I know it’s tempting, believe me. The majority of us probably spend the entire work day daydreaming about our grand exit–the dramatic toss of those damned manilla folders, papers scattered all over the floor, pouring our cold coffee all over our keyboard (that we requested be replaced six months ago because four of the letters are constantly sticking), kicking over the water cooler in the break room and sending a biblical style flood into the boss’ corner office. For a lot of us our day job is literally sucking the soul right out of our bodies and every morning when that alarm goes off it gets harder and harder not to just keep lying there. But despite the drudgery and the misery and the complete lack of fulfillment, that day job is necessary.

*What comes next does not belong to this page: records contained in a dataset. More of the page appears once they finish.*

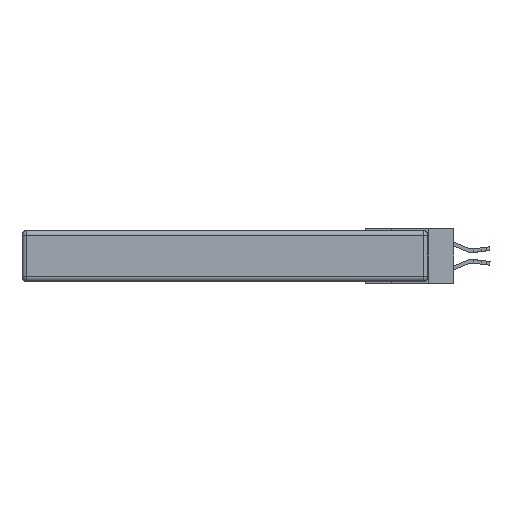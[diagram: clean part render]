
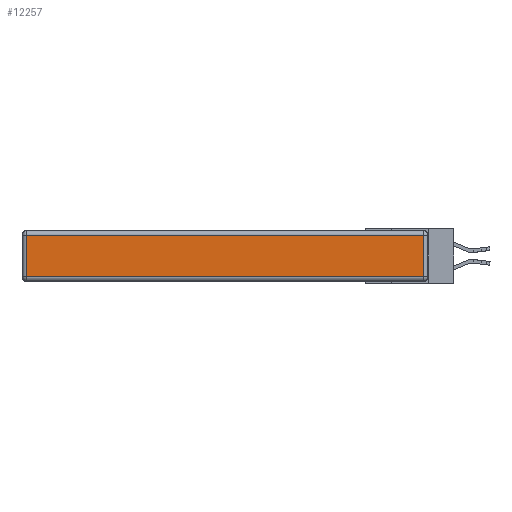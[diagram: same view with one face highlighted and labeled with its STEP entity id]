
A CAD part, left-side view. The second image highlights one B-rep face of the part: STEP entity #12257.
In plain terms, the highlighted planar face has unit normal (-1, 0, 0).
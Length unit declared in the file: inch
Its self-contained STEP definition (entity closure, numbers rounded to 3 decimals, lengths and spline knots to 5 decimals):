
#350 = ORIENTED_EDGE ( 'NONE', *, *, #4669, .T. ) ;
#449 = EDGE_CURVE ( 'NONE', #18650, #16966, #4479, .T. ) ;
#1951 = DIRECTION ( 'NONE',  ( 0., -1., 0. ) ) ;
#2642 = CARTESIAN_POINT ( 'NONE',  ( 0., 0., -0.343 ) ) ;
#2651 = EDGE_LOOP ( 'NONE', ( #5359, #350, #15895, #6419 ) ) ;
#3969 = DIRECTION ( 'NONE',  ( 0., 1., 0. ) ) ;
#4036 = VECTOR ( 'NONE', #1951, 39.37008 ) ;
#4479 = LINE ( 'NONE', #19434, #9038 ) ;
#4669 = EDGE_CURVE ( 'NONE', #12060, #19502, #18344, .T. ) ;
#5359 = ORIENTED_EDGE ( 'NONE', *, *, #15752, .T. ) ;
#6419 = ORIENTED_EDGE ( 'NONE', *, *, #449, .T. ) ;
#7573 = DIRECTION ( 'NONE',  ( 0., 0., -1. ) ) ;
#8408 = CARTESIAN_POINT ( 'NONE',  ( 0., 0.03, -0.313 ) ) ;
#8672 = PLANE ( 'NONE',  #16569 ) ;
#8746 = VECTOR ( 'NONE', #3969, 39.37008 ) ;
#9038 = VECTOR ( 'NONE', #7573, 39.37008 ) ;
#9565 = DIRECTION ( 'NONE',  ( 0., 0., 1. ) ) ;
#10057 = DIRECTION ( 'NONE',  ( -1., 0., 0. ) ) ;
#10121 = DIRECTION ( 'NONE',  ( 0., 0., 1. ) ) ;
#10223 = CARTESIAN_POINT ( 'NONE',  ( 0., 2.72, -0.03 ) ) ;
#10464 = CARTESIAN_POINT ( 'NONE',  ( 0., 0.03, -0.03 ) ) ;
#11798 = LINE ( 'NONE', #13179, #8746 ) ;
#12037 = CARTESIAN_POINT ( 'NONE',  ( 0., 2.72, -0.313 ) ) ;
#12060 = VERTEX_POINT ( 'NONE', #8408 ) ;
#12257 = ADVANCED_FACE ( 'NONE', ( #15547 ), #8672, .T. ) ;
#12623 = LINE ( 'NONE', #18569, #4036 ) ;
#13179 = CARTESIAN_POINT ( 'NONE',  ( 0., 2.75, -0.03 ) ) ;
#15547 = FACE_OUTER_BOUND ( 'NONE', #2651, .T. ) ;
#15752 = EDGE_CURVE ( 'NONE', #16966, #12060, #12623, .T. ) ;
#15895 = ORIENTED_EDGE ( 'NONE', *, *, #18561, .T. ) ;
#16569 = AXIS2_PLACEMENT_3D ( 'NONE', #2642, #10057, #10121 ) ;
#16966 = VERTEX_POINT ( 'NONE', #12037 ) ;
#17178 = CARTESIAN_POINT ( 'NONE',  ( 0., 0.03, -0.343 ) ) ;
#17873 = VECTOR ( 'NONE', #9565, 39.37008 ) ;
#18344 = LINE ( 'NONE', #17178, #17873 ) ;
#18561 = EDGE_CURVE ( 'NONE', #19502, #18650, #11798, .T. ) ;
#18569 = CARTESIAN_POINT ( 'NONE',  ( 0., 0., -0.313 ) ) ;
#18650 = VERTEX_POINT ( 'NONE', #10223 ) ;
#19434 = CARTESIAN_POINT ( 'NONE',  ( 0., 2.72, -0.343 ) ) ;
#19502 = VERTEX_POINT ( 'NONE', #10464 ) ;
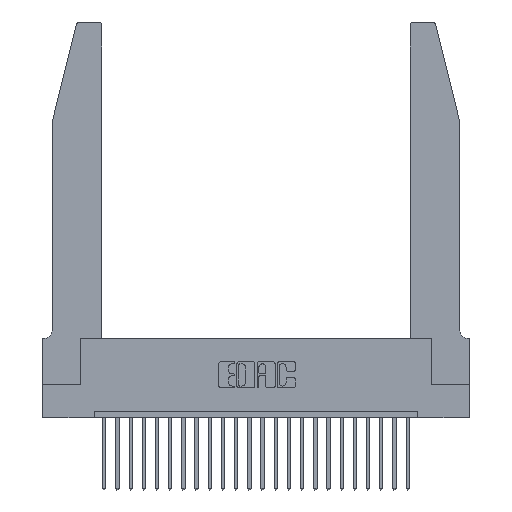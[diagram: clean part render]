
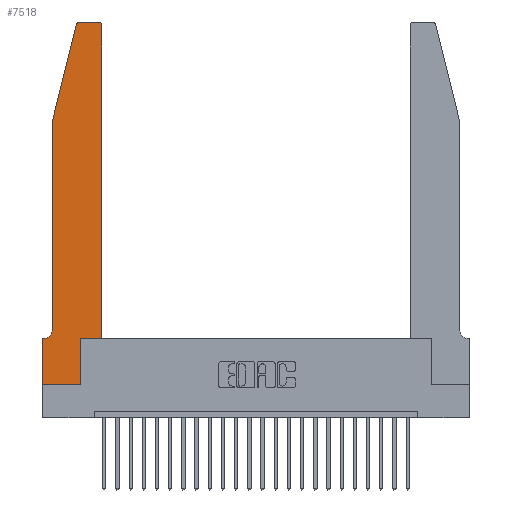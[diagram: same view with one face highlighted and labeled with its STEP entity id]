
A CAD part, top view. The second image highlights one B-rep face of the part: STEP entity #7518.
In plain terms, the highlighted planar face has unit normal (0, 0, 1).
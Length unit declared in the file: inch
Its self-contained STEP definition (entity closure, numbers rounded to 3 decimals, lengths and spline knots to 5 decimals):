
#341 = LINE ( 'NONE', #18807, #15332 ) ;
#394 = LINE ( 'NONE', #11580, #18093 ) ;
#873 = CARTESIAN_POINT ( 'NONE',  ( 0., 0., 0.37 ) ) ;
#948 = EDGE_CURVE ( 'NONE', #16280, #18201, #8963, .T. ) ;
#1169 = EDGE_CURVE ( 'NONE', #5679, #22231, #6516, .T. ) ;
#1209 = CARTESIAN_POINT ( 'NONE',  ( 0.4505, 0.35, 0.37 ) ) ;
#1383 = LINE ( 'NONE', #873, #15122 ) ;
#1513 = LINE ( 'NONE', #19918, #12466 ) ;
#1652 = DIRECTION ( 'NONE',  ( -0.239, -0.971, 0. ) ) ;
#2621 = AXIS2_PLACEMENT_3D ( 'NONE', #14390, #16338, #4676 ) ;
#2635 = CARTESIAN_POINT ( 'NONE',  ( 0., 0.35, 0.37 ) ) ;
#2643 = CARTESIAN_POINT ( 'NONE',  ( 0.0755, 2., 0.37 ) ) ;
#2704 = EDGE_CURVE ( 'NONE', #22261, #2730, #11930, .T. ) ;
#2730 = VERTEX_POINT ( 'NONE', #11368 ) ;
#3408 = ORIENTED_EDGE ( 'NONE', *, *, #24697, .T. ) ;
#3902 = DIRECTION ( 'NONE',  ( 1., 0., 0. ) ) ;
#4024 = ORIENTED_EDGE ( 'NONE', *, *, #8255, .T. ) ;
#4172 = LINE ( 'NONE', #8053, #19130 ) ;
#4676 = DIRECTION ( 'NONE',  ( 1., 0., 0. ) ) ;
#5353 = ORIENTED_EDGE ( 'NONE', *, *, #19748, .T. ) ;
#5679 = VERTEX_POINT ( 'NONE', #18947 ) ;
#6137 = CARTESIAN_POINT ( 'NONE',  ( 0.4505, 2.72, 0.37 ) ) ;
#6516 = LINE ( 'NONE', #21284, #8932 ) ;
#6904 = EDGE_CURVE ( 'NONE', #23110, #5679, #1383, .T. ) ;
#7102 = VECTOR ( 'NONE', #1652, 39.37008 ) ;
#7283 = ORIENTED_EDGE ( 'NONE', *, *, #2704, .T. ) ;
#7518 = ADVANCED_FACE ( 'NONE', ( #22407 ), #24712, .T. ) ;
#8053 = CARTESIAN_POINT ( 'NONE',  ( 0.4505, 0.35, 0.37 ) ) ;
#8255 = EDGE_CURVE ( 'NONE', #17206, #22261, #24227, .T. ) ;
#8394 = DIRECTION ( 'NONE',  ( 0., -1., 0. ) ) ;
#8511 = CARTESIAN_POINT ( 'NONE',  ( 0.4505, 0.35, 0.37 ) ) ;
#8677 = VERTEX_POINT ( 'NONE', #19736 ) ;
#8813 = CARTESIAN_POINT ( 'NONE',  ( 0.0055, 0.35, 0.37 ) ) ;
#8932 = VECTOR ( 'NONE', #9572, 39.37008 ) ;
#8963 = LINE ( 'NONE', #12967, #19974 ) ;
#8968 = ORIENTED_EDGE ( 'NONE', *, *, #13208, .T. ) ;
#9390 = AXIS2_PLACEMENT_3D ( 'NONE', #14646, #14555, #18708 ) ;
#9430 = DIRECTION ( 'NONE',  ( 0., 0., 1. ) ) ;
#9572 = DIRECTION ( 'NONE',  ( 0., 1., 0. ) ) ;
#9778 = EDGE_CURVE ( 'NONE', #22231, #17206, #4172, .T. ) ;
#9849 = EDGE_CURVE ( 'NONE', #14862, #8677, #14564, .T. ) ;
#10066 = ORIENTED_EDGE ( 'NONE', *, *, #1169, .T. ) ;
#10112 = CARTESIAN_POINT ( 'NONE',  ( 0.0755, 0.42, 0.37 ) ) ;
#10217 = DIRECTION ( 'NONE',  ( 1., 0., 0. ) ) ;
#10276 = DIRECTION ( 'NONE',  ( 0., 0., -1. ) ) ;
#10773 = LINE ( 'NONE', #24118, #7102 ) ;
#10803 = CIRCLE ( 'NONE', #11491, 0.07 ) ;
#10876 = DIRECTION ( 'NONE',  ( -1., 0., 0. ) ) ;
#11142 = ORIENTED_EDGE ( 'NONE', *, *, #24397, .T. ) ;
#11368 = CARTESIAN_POINT ( 'NONE',  ( 0.4205, 2.75, 0.37 ) ) ;
#11491 = AXIS2_PLACEMENT_3D ( 'NONE', #16027, #10276, #12362 ) ;
#11580 = CARTESIAN_POINT ( 'NONE',  ( 0., 0., 0.37 ) ) ;
#11930 = CIRCLE ( 'NONE', #2621, 0.03 ) ;
#12077 = EDGE_CURVE ( 'NONE', #8677, #17036, #10773, .T. ) ;
#12362 = DIRECTION ( 'NONE',  ( -1., 0., 0. ) ) ;
#12466 = VECTOR ( 'NONE', #8394, 39.37008 ) ;
#12967 = CARTESIAN_POINT ( 'NONE',  ( 0.0755, 0.35, 0.37 ) ) ;
#13208 = EDGE_CURVE ( 'NONE', #2730, #14862, #341, .T. ) ;
#13443 = EDGE_LOOP ( 'NONE', ( #8968, #14735, #23417, #5353, #11142, #21066, #3408, #15434, #10066, #24659, #4024, #7283 ) ) ;
#13869 = VECTOR ( 'NONE', #22624, 39.37008 ) ;
#14261 = CARTESIAN_POINT ( 'NONE',  ( 0.2865, 0.35, 0.37 ) ) ;
#14390 = CARTESIAN_POINT ( 'NONE',  ( 0.4205, 2.72, 0.37 ) ) ;
#14555 = DIRECTION ( 'NONE',  ( 0., 0., 1. ) ) ;
#14564 = CIRCLE ( 'NONE', #9390, 0.03 ) ;
#14646 = CARTESIAN_POINT ( 'NONE',  ( 0.284, 2.72, 0.37 ) ) ;
#14735 = ORIENTED_EDGE ( 'NONE', *, *, #9849, .T. ) ;
#14862 = VERTEX_POINT ( 'NONE', #23470 ) ;
#15122 = VECTOR ( 'NONE', #10217, 39.37008 ) ;
#15332 = VECTOR ( 'NONE', #10876, 39.37008 ) ;
#15434 = ORIENTED_EDGE ( 'NONE', *, *, #6904, .T. ) ;
#16027 = CARTESIAN_POINT ( 'NONE',  ( 0.0055, 0.42, 0.37 ) ) ;
#16280 = VERTEX_POINT ( 'NONE', #8813 ) ;
#16338 = DIRECTION ( 'NONE',  ( 0., 0., 1. ) ) ;
#16385 = VERTEX_POINT ( 'NONE', #10112 ) ;
#16582 = AXIS2_PLACEMENT_3D ( 'NONE', #2635, #9430, #25038 ) ;
#17036 = VERTEX_POINT ( 'NONE', #2643 ) ;
#17048 = DIRECTION ( 'NONE',  ( -1., 0., 0. ) ) ;
#17206 = VERTEX_POINT ( 'NONE', #8511 ) ;
#18093 = VECTOR ( 'NONE', #20710, 39.37008 ) ;
#18201 = VERTEX_POINT ( 'NONE', #22557 ) ;
#18708 = DIRECTION ( 'NONE',  ( 1., 0., 0. ) ) ;
#18807 = CARTESIAN_POINT ( 'NONE',  ( 0.2605, 2.75, 0.37 ) ) ;
#18947 = CARTESIAN_POINT ( 'NONE',  ( 0.2865, 0., 0.37 ) ) ;
#19130 = VECTOR ( 'NONE', #3902, 39.37008 ) ;
#19736 = CARTESIAN_POINT ( 'NONE',  ( 0.25487, 2.72718, 0.37 ) ) ;
#19748 = EDGE_CURVE ( 'NONE', #17036, #16385, #1513, .T. ) ;
#19918 = CARTESIAN_POINT ( 'NONE',  ( 0.0755, 2., 0.37 ) ) ;
#19974 = VECTOR ( 'NONE', #17048, 39.37008 ) ;
#20710 = DIRECTION ( 'NONE',  ( 0., -1., 0. ) ) ;
#21066 = ORIENTED_EDGE ( 'NONE', *, *, #948, .T. ) ;
#21284 = CARTESIAN_POINT ( 'NONE',  ( 0.2865, 0.35, 0.37 ) ) ;
#22231 = VERTEX_POINT ( 'NONE', #14261 ) ;
#22261 = VERTEX_POINT ( 'NONE', #6137 ) ;
#22309 = CARTESIAN_POINT ( 'NONE',  ( 0., 0., 0.37 ) ) ;
#22407 = FACE_OUTER_BOUND ( 'NONE', #13443, .T. ) ;
#22557 = CARTESIAN_POINT ( 'NONE',  ( 0., 0.35, 0.37 ) ) ;
#22624 = DIRECTION ( 'NONE',  ( 0., 1., 0. ) ) ;
#23110 = VERTEX_POINT ( 'NONE', #22309 ) ;
#23417 = ORIENTED_EDGE ( 'NONE', *, *, #12077, .T. ) ;
#23470 = CARTESIAN_POINT ( 'NONE',  ( 0.284, 2.75, 0.37 ) ) ;
#24118 = CARTESIAN_POINT ( 'NONE',  ( 0.0755, 2., 0.37 ) ) ;
#24227 = LINE ( 'NONE', #1209, #13869 ) ;
#24397 = EDGE_CURVE ( 'NONE', #16385, #16280, #10803, .T. ) ;
#24659 = ORIENTED_EDGE ( 'NONE', *, *, #9778, .T. ) ;
#24697 = EDGE_CURVE ( 'NONE', #18201, #23110, #394, .T. ) ;
#24712 = PLANE ( 'NONE',  #16582 ) ;
#25038 = DIRECTION ( 'NONE',  ( 1., 0., 0. ) ) ;

On Sunday I blogged about my theory that world peace is only achievable when everyone is living out their true purpose, and while I absolutely and wholeheartedly believe that, it doesn’t mean that we can all just quit our jobs and spend our days doing whatever the hell we want. Although that would be ideal, in a time where everyone is struggling financially, it’s just not realistic. So, even though making our dreams our top priority is the first step to making them come true, here’s why we still need that old 9 to 5 to help get us there.
Reason One: The Peace Of Mind
This one is huge. From last July to November I wasn’t working. I’d moved from Florida back to Texas and I decided that rather than start looking for another job right away I’d spend some time focusing on writing. So I did. For four whole months all I did was write, from nine in the morning until six in the evening, sometimes later. And you know what? When it came to my productivity, I was writing about the same amount as I am now while also working a part time job. And I could blame that on the lack of structure or my own lack of self-discipline but one major factor that really kept me from writing as much as I could have was my own anxiety.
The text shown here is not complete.